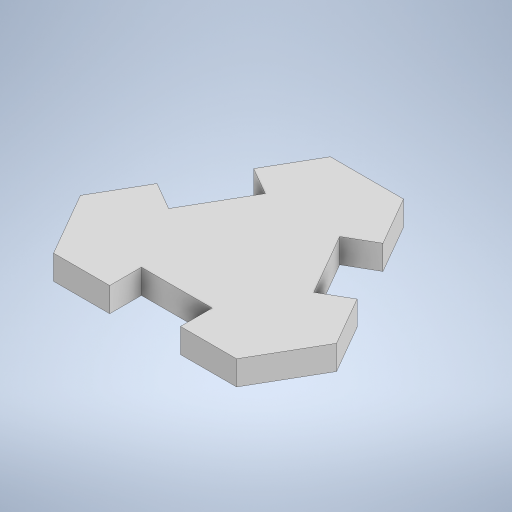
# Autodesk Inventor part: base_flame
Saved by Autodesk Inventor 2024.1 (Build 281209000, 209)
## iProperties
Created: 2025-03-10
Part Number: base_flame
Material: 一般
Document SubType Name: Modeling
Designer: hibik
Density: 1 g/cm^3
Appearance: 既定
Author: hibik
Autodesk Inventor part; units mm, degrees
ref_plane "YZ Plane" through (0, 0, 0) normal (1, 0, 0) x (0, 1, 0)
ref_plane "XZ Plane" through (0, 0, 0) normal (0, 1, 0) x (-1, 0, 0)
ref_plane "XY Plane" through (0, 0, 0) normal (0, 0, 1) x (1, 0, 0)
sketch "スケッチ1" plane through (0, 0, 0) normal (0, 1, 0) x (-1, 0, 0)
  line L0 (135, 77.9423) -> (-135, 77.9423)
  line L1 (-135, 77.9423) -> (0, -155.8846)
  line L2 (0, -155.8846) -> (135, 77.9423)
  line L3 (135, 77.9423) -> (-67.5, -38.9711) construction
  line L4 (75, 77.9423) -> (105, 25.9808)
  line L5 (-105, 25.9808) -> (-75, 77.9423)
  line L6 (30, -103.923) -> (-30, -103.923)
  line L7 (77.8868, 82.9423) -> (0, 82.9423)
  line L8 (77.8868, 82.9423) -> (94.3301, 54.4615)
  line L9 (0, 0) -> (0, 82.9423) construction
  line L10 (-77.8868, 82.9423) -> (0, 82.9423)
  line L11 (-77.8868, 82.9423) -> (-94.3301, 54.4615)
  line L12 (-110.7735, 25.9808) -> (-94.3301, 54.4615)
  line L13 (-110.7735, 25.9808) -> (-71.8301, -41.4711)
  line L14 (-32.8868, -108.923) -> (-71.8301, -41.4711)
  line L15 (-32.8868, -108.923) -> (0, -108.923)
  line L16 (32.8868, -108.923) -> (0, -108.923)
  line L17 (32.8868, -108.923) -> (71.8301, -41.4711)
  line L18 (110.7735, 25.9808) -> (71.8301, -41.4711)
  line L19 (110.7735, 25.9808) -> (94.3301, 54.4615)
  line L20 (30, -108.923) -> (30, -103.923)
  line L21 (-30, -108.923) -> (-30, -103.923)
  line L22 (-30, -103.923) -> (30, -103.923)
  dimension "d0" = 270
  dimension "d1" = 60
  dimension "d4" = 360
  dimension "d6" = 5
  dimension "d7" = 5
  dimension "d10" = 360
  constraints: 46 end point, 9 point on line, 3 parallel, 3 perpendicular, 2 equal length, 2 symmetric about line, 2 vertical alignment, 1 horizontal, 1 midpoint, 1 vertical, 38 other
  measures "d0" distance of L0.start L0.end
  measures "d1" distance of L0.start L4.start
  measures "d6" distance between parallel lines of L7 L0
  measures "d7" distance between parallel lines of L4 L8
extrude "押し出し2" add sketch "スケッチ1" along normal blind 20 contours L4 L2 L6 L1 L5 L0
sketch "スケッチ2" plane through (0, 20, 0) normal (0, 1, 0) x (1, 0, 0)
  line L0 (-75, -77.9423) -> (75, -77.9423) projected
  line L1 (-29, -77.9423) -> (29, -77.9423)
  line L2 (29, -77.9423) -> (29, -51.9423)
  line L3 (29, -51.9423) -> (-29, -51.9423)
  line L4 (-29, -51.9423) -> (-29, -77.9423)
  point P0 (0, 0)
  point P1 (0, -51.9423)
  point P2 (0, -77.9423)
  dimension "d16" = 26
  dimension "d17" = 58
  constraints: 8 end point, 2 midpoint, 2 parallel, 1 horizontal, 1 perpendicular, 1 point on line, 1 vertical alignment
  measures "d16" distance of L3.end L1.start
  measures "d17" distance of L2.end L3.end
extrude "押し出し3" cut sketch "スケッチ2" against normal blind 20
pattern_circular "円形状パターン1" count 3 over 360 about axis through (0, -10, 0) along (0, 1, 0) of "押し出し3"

* * * * *

About this task:
Retype the listing above exactly as it appears, omitting the pictures.

Written solution:
# Autodesk Inventor part: base_flame
Saved by Autodesk Inventor 2024.1 (Build 281209000, 209)
## iProperties
Created: 2025-03-10
Part Number: base_flame
Material: 一般
Document SubType Name: Modeling
Designer: hibik
Density: 1 g/cm^3
Appearance: 既定
Author: hibik
Autodesk Inventor part; units mm, degrees
ref_plane "YZ Plane" through (0, 0, 0) normal (1, 0, 0) x (0, 1, 0)
ref_plane "XZ Plane" through (0, 0, 0) normal (0, 1, 0) x (-1, 0, 0)
ref_plane "XY Plane" through (0, 0, 0) normal (0, 0, 1) x (1, 0, 0)
sketch "スケッチ1" plane through (0, 0, 0) normal (0, 1, 0) x (-1, 0, 0)
  line L0 (135, 77.9423) -> (-135, 77.9423)
  line L1 (-135, 77.9423) -> (0, -155.8846)
  line L2 (0, -155.8846) -> (135, 77.9423)
  line L3 (135, 77.9423) -> (-67.5, -38.9711) construction
  line L4 (75, 77.9423) -> (105, 25.9808)
  line L5 (-105, 25.9808) -> (-75, 77.9423)
  line L6 (30, -103.923) -> (-30, -103.923)
  line L7 (77.8868, 82.9423) -> (0, 82.9423)
  line L8 (77.8868, 82.9423) -> (94.3301, 54.4615)
  line L9 (0, 0) -> (0, 82.9423) construction
  line L10 (-77.8868, 82.9423) -> (0, 82.9423)
  line L11 (-77.8868, 82.9423) -> (-94.3301, 54.4615)
  line L12 (-110.7735, 25.9808) -> (-94.3301, 54.4615)
  line L13 (-110.7735, 25.9808) -> (-71.8301, -41.4711)
  line L14 (-32.8868, -108.923) -> (-71.8301, -41.4711)
  line L15 (-32.8868, -108.923) -> (0, -108.923)
  line L16 (32.8868, -108.923) -> (0, -108.923)
  line L17 (32.8868, -108.923) -> (71.8301, -41.4711)
  line L18 (110.7735, 25.9808) -> (71.8301, -41.4711)
  line L19 (110.7735, 25.9808) -> (94.3301, 54.4615)
  line L20 (30, -108.923) -> (30, -103.923)
  line L21 (-30, -108.923) -> (-30, -103.923)
  line L22 (-30, -103.923) -> (30, -103.923)
  dimension "d0" = 270
  dimension "d1" = 60
  dimension "d4" = 360
  dimension "d6" = 5
  dimension "d7" = 5
  dimension "d10" = 360
  constraints: 46 end point, 9 point on line, 3 parallel, 3 perpendicular, 2 equal length, 2 symmetric about line, 2 vertical alignment, 1 horizontal, 1 midpoint, 1 vertical, 38 other
  measures "d0" distance of L0.start L0.end
  measures "d1" distance of L0.start L4.start
  measures "d6" distance between parallel lines of L7 L0
  measures "d7" distance between parallel lines of L4 L8
extrude "押し出し2" add sketch "スケッチ1" along normal blind 20 contours L4 L2 L6 L1 L5 L0
sketch "スケッチ2" plane through (0, 20, 0) normal (0, 1, 0) x (1, 0, 0)
  line L0 (-75, -77.9423) -> (75, -77.9423) projected
  line L1 (-29, -77.9423) -> (29, -77.9423)
  line L2 (29, -77.9423) -> (29, -51.9423)
  line L3 (29, -51.9423) -> (-29, -51.9423)
  line L4 (-29, -51.9423) -> (-29, -77.9423)
  point P0 (0, 0)
  point P1 (0, -51.9423)
  point P2 (0, -77.9423)
  dimension "d16" = 26
  dimension "d17" = 58
  constraints: 8 end point, 2 midpoint, 2 parallel, 1 horizontal, 1 perpendicular, 1 point on line, 1 vertical alignment
  measures "d16" distance of L3.end L1.start
  measures "d17" distance of L2.end L3.end
extrude "押し出し3" cut sketch "スケッチ2" against normal blind 20
pattern_circular "円形状パターン1" count 3 over 360 about axis through (0, -10, 0) along (0, 1, 0) of "押し出し3"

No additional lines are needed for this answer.